When government regulators set a precedent of bailing people out for bad behavior under the guise that a company is “too big to fail,” you further destroy the regulation of the market. You encourage excessive risk-taking; you encourage striving for short-term gains at the cost of long-term sustained profitability. You hurt the investors who are trying to signal through bond and share prices that a firm is in bad shape, and ultimately hurt taxpayers if you make the private problems of some investors into the public problems of all Americans. To let bureaucrats go in and say that a company is stable, often disingenuously, as opposed to letting investors speak with their money is as arbitrary as it is abominable.

The fact of the matter is that government doesn’t want to let the market work as it did in blowing up companies with worthless assets (even if it was the moral hazard built into system and intervention that caused creation and investment in these assets), because it will hurt the interests that prop the elected officials up, destroy their own wealth, undermine their power (wouldn’t want to waste a crisis) and further cause unrest amongst the populace.

But the short-term dislocation versus the long-run fiscal and moral decay of the country is incomparable.
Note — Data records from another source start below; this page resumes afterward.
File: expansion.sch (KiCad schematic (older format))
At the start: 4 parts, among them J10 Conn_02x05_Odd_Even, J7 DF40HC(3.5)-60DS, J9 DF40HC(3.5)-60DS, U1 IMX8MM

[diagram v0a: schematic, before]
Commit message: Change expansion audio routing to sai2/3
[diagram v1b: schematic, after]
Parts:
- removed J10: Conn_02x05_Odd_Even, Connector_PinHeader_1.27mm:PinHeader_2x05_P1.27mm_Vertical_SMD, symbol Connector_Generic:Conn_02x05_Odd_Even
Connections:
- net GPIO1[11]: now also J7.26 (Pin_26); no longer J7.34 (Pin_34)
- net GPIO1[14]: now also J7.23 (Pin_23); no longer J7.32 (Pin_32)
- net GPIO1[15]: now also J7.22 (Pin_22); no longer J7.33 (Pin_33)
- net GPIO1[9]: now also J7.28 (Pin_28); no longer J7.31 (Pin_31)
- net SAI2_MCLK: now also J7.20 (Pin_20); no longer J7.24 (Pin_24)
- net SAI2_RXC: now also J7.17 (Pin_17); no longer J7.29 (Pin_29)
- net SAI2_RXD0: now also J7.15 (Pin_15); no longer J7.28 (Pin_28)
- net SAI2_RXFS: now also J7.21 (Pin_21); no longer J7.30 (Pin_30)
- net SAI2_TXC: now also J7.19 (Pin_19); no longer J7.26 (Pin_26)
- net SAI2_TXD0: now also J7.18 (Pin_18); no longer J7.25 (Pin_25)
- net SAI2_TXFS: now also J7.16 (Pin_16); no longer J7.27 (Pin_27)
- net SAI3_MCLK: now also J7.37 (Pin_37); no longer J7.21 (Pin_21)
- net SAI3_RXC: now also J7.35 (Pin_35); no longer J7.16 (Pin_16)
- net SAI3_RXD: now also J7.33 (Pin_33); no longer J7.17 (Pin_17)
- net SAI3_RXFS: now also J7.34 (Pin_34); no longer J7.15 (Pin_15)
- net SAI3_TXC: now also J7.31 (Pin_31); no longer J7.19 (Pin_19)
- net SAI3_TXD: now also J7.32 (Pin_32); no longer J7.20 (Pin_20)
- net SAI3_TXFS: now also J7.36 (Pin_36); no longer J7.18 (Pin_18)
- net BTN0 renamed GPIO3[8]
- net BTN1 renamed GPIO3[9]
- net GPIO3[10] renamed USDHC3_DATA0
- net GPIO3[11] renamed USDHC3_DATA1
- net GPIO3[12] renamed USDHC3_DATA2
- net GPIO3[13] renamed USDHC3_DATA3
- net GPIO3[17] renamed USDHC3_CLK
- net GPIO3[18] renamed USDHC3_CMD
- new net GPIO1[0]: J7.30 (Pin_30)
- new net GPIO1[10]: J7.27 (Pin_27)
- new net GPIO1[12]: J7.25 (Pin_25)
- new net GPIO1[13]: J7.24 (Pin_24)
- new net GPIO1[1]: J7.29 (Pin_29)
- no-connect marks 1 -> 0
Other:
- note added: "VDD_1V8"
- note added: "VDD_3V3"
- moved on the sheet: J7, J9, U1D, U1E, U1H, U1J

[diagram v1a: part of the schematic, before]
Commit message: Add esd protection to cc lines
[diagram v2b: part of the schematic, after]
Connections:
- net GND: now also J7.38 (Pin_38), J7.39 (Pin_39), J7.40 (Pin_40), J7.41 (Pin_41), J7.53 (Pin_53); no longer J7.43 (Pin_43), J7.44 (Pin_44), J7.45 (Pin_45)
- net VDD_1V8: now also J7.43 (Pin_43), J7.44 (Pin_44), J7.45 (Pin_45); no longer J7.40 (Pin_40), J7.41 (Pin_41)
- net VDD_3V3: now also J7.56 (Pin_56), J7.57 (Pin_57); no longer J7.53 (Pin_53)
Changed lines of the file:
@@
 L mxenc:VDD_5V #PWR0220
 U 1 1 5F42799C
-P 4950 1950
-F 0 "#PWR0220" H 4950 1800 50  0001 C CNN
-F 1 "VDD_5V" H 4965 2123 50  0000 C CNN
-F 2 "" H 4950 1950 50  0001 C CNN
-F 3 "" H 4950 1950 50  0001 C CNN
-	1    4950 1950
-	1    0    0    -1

The former will lead to an economy and a nation made stronger; the ladder to tyranny. The problem in our nation is that if you are a politician and trying to get reelected, you make this calculation and hope that things don’t collapse at the wrong time, namely under your watch. Interestingly, this sacrifice of long-term sustainability for short-term gain is just the calculation made by many at the banks who played with essentially free house money (courtesy of the Fed), leading us to the crisis today. But let these same government officials who in large part mucked things up the first time around gain even greater control over the economy. I dare you.

Spending Is Not Stimulus President Obama

February 6, 2009 2 comments


Today amid cheers, President Obama showed his true colors when it comes to his plan to deal with the recession (soon to be a depression). Valiantly fighting off all takers on his stimulus, Mr. Obama exclaimed:

Then there’s the argument, well, this is full of pet projects. When was the last time that we saw a bill of this magnitude move out with no earmarks in it? Not one. (Applause.) And when you start asking, well, what is it exactly that is such a problem that you’re seeing, where’s all this waste and spending? Well, you know, you want to replace the federal fleet with hybrid cars. Well, why wouldn’t we want to do that? (Laughter.) That creates jobs for people who make those cars. It saves the federal government energy. It saves the taxpayers energy. (Applause.)

So then you get the argument, well, this is not a stimulus bill, this is a spending bill. What do you think a stimulus is? (Laughter and applause.) That’s the whole point. No, seriously. (Laughter.) That’s the point. (Applause.)

Now I understand that President Obama was speaking in front of a group of Democrats, trying to rally his comrades, but this type of message should outrage American citizens. Mr. Obama promised the people change, yet he makes the argument that since there are always earmarks in bills, the government should get a free pass for porking up its latest monstrosity. Apologies to the already suffering American people that have to pay for this.

When it comes to buying a new fleet of green cars, the true politician in Obama comes out, spinning this ridiculous confiscation of private money as job creation. If this creates jobs, why doesn’t the government buy every taxpayer a Prius? Why not throw in some solar panels for every taxpayer too?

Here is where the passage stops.